::: RAW DATA :::

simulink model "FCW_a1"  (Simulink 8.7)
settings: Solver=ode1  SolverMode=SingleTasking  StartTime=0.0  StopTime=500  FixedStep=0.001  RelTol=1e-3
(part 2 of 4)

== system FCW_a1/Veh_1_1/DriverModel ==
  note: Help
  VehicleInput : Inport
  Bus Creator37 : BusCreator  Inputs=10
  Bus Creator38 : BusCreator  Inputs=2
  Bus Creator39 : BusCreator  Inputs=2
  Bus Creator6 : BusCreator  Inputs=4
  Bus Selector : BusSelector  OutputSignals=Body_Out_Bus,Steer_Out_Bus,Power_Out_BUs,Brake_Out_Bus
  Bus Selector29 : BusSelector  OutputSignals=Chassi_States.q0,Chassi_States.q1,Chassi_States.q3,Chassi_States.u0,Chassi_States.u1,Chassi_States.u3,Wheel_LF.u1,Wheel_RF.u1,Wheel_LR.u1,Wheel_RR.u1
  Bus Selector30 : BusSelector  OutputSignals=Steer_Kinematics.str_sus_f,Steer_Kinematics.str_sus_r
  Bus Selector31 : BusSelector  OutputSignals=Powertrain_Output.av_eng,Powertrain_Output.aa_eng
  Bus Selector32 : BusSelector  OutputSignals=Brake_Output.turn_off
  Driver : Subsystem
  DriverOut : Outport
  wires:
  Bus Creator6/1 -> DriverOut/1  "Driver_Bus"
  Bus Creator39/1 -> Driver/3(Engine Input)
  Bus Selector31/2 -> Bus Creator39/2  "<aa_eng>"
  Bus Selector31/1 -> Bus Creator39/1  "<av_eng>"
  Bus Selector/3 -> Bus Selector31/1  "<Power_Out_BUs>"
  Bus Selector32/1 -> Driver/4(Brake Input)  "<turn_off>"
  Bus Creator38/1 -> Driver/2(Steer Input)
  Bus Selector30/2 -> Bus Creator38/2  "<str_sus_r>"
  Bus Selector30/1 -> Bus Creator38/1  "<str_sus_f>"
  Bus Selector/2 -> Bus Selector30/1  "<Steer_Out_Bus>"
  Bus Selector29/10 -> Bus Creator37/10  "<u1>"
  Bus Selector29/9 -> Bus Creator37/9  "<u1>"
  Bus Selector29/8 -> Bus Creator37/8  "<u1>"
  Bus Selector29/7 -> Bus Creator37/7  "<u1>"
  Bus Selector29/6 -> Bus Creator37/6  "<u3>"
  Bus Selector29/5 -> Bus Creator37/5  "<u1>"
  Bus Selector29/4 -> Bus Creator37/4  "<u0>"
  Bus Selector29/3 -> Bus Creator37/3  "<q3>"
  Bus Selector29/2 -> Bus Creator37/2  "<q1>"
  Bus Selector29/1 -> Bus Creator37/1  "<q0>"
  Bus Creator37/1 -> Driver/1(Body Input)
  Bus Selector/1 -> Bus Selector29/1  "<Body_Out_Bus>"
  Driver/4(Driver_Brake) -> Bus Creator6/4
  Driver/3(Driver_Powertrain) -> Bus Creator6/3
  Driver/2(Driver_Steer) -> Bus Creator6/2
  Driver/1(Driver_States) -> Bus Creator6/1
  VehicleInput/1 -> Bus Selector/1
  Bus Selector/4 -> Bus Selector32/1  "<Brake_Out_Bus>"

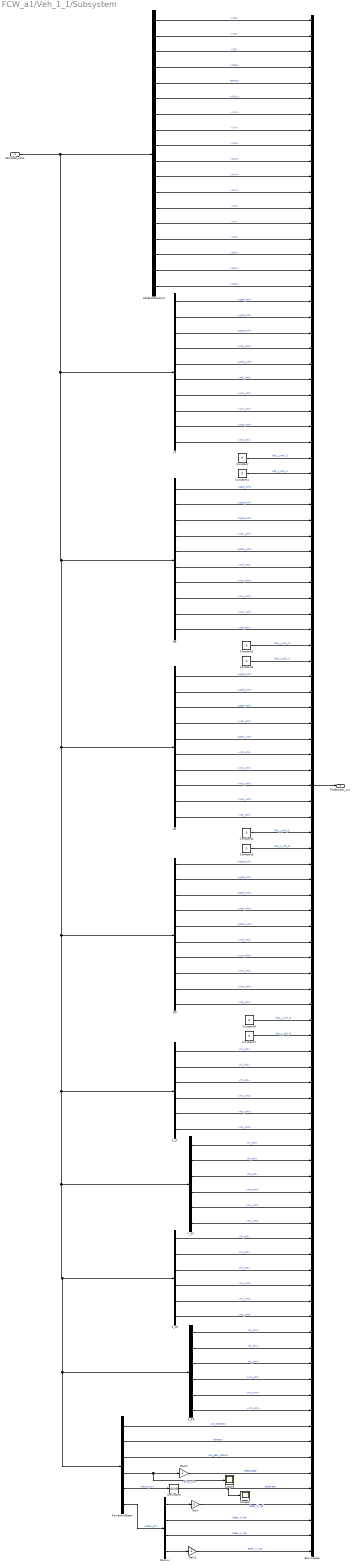
== system FCW_a1/Veh_1_1/Subsystem ==
  VehicleDynOut : Inport
  Bus Creator : BusCreator  Inputs=99
  Constant{,1..7} (8 alike) : Constant  Value=0
  Demux : Demux
  Derivative : Derivative
  F_LF : BusSelector  Tag=PanoSim_System  OutputSignals=Body_Out_Bus.Wheel_LF.fx_whl,Body_Out_Bus.Wheel_LF.fy_whl,Body_Out_Bus.Wheel_LF.fz_whl,Body_Out_Bus.Wheel_LF.mx_whl,Body_Out_Bus.Wheel_LF.my_whl,Body_Out_Bus.Wheel_LF.mz_whl
  F_LR : BusSelector  Tag=PanoSim_System  OutputSignals=Body_Out_Bus.Wheel_LR.fx_whl,Body_Out_Bus.Wheel_LR.fy_whl,Body_Out_Bus.Wheel_LR.fz_whl,Body_Out_Bus.Wheel_LR.mx_whl,Body_Out_Bus.Wheel_LR.my_whl,Body_Out_Bus.Wheel_LR.mz_whl
  F_RF : BusSelector  Tag=PanoSim_System  OutputSignals=Body_Out_Bus.Wheel_RF.fx_whl,Body_Out_Bus.Wheel_RF.fy_whl,Body_Out_Bus.Wheel_RF.fz_whl,Body_Out_Bus.Wheel_RF.mx_whl,Body_Out_Bus.Wheel_RF.my_whl,Body_Out_Bus.Wheel_RF.mz_whl
  F_RR : BusSelector  Tag=PanoSim_System  OutputSignals=Body_Out_Bus.Wheel_RR.fx_whl,Body_Out_Bus.Wheel_RR.fy_whl,Body_Out_Bus.Wheel_RR.fz_whl,Body_Out_Bus.Wheel_RR.mx_whl,Body_Out_Bus.Wheel_RR.my_whl,Body_Out_Bus.Wheel_RR.mz_whl
  Gain : Gain  Gain=-1
  Gain1 : Gain  Gain=-1
  Gain2 : Gain
  LF : BusSelector  Tag=PanoSim_System  OutputSignals=BodyKin_Wheel_Out_Bus.bodykin_whl_out_lf.xgnd_whl,BodyKin_Wheel_Out_Bus.bodykin_whl_out_lf.ygnd_whl,BodyKin_Wheel_Out_Bus.bodykin_whl_out_lf.zgnd_whl,BodyKin_Wheel_Out_Bus.bodykin_whl_out_lf.yaw_whl,BodyKin_Wheel_Out_Bus.bodykin_whl_out_lf.pitch_whl,BodyKin_Wheel_Out_Bus.bodykin_whl_out_lf.roll_whl,BodyKin_Wheel_Out_Bus.bodykin_whl_out_lf.vwx_whl,BodyKin_Wheel_Out_Bus.bodykin_whl_out_lf.vwy_whl,BodyKin_Wheel_Out_Bus.bodykin_whl_out_lf.vwz_whl,BodyKin_Wheel_Out_Bus.bodykin_whl_out_lf.rot_whl
  LR : BusSelector  Tag=PanoSim_System  OutputSignals=BodyKin_Wheel_Out_Bus.bodykin_whl_out_lr.xgnd_whl,BodyKin_Wheel_Out_Bus.bodykin_whl_out_lr.ygnd_whl,BodyKin_Wheel_Out_Bus.bodykin_whl_out_lr.zgnd_whl,BodyKin_Wheel_Out_Bus.bodykin_whl_out_lr.yaw_whl,BodyKin_Wheel_Out_Bus.bodykin_whl_out_lr.pitch_whl,BodyKin_Wheel_Out_Bus.bodykin_whl_out_lr.roll_whl,BodyKin_Wheel_Out_Bus.bodykin_whl_out_lr.vwx_whl,BodyKin_Wheel_Out_Bus.bodykin_whl_out_lr.vwy_whl,BodyKin_Wheel_Out_Bus.bodykin_whl_out_lr.vwz_whl,BodyKin_Wheel_Out_Bus.bodykin_whl_out_lr.rot_whl
  PowerandSteer : BusSelector  Tag=PanoSim_System  OutputSignals=Power_Out_BUs.Powertrain_Output.pt_throttle,Brake_Out_Bus.Brake_Output.brake,Power_Out_BUs.Powertrain_Output.pt_gear_status,Steer_Out_Bus.Steer_Kinematics.strav_sw,Steer_Out_Bus.Steer_Kinematics.strav_sw,Steer_Out_Bus.Steer_Kinematics.steer_str
  RF : BusSelector  Tag=PanoSim_System  OutputSignals=BodyKin_Wheel_Out_Bus.bodykin_whl_out_rf.xgnd_whl,BodyKin_Wheel_Out_Bus.bodykin_whl_out_rf.ygnd_whl,BodyKin_Wheel_Out_Bus.bodykin_whl_out_rf.zgnd_whl,BodyKin_Wheel_Out_Bus.bodykin_whl_out_rf.yaw_whl,BodyKin_Wheel_Out_Bus.bodykin_whl_out_rf.pitch_whl,BodyKin_Wheel_Out_Bus.bodykin_whl_out_rf.roll_whl,BodyKin_Wheel_Out_Bus.bodykin_whl_out_rf.vwx_whl,BodyKin_Wheel_Out_Bus.bodykin_whl_out_rf.vwy_whl,BodyKin_Wheel_Out_Bus.bodykin_whl_out_rf.vwz_whl,BodyKin_Wheel_Out_Bus.bodykin_whl_out_rf.rot_whl
  RR : BusSelector  Tag=PanoSim_System  OutputSignals=BodyKin_Wheel_Out_Bus.bodykin_whl_out_rr.xgnd_whl,BodyKin_Wheel_Out_Bus.bodykin_whl_out_rr.ygnd_whl,BodyKin_Wheel_Out_Bus.bodykin_whl_out_rr.zgnd_whl,BodyKin_Wheel_Out_Bus.bodykin_whl_out_rr.yaw_whl,BodyKin_Wheel_Out_Bus.bodykin_whl_out_rr.pitch_whl,BodyKin_Wheel_Out_Bus.bodykin_whl_out_rr.roll_whl,BodyKin_Wheel_Out_Bus.bodykin_whl_out_rr.vwx_whl,BodyKin_Wheel_Out_Bus.bodykin_whl_out_rr.vwy_whl,BodyKin_Wheel_Out_Bus.bodykin_whl_out_rr.vwz_whl,BodyKin_Wheel_Out_Bus.bodykin_whl_out_rr.rot_whl
  Scope1 : Scope
  Scope6 : Scope
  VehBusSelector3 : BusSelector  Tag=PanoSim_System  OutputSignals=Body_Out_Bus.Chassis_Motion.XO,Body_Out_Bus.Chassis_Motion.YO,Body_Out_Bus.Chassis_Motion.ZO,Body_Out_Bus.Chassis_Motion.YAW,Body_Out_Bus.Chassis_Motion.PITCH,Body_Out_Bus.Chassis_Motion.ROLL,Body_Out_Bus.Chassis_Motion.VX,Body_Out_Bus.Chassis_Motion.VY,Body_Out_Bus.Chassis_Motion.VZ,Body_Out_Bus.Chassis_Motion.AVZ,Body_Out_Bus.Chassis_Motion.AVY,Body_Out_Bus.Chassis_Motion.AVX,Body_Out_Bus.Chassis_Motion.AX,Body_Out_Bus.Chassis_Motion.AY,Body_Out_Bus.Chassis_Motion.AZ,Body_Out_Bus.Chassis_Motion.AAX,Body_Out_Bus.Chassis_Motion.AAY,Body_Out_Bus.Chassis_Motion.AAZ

:::

## TASK STATEMENT
Every line that holds the string "VehicleInput" must be copied from the records above.

## RESULT
  VehicleInput : Inport
  VehicleInput/1 -> Bus Selector/1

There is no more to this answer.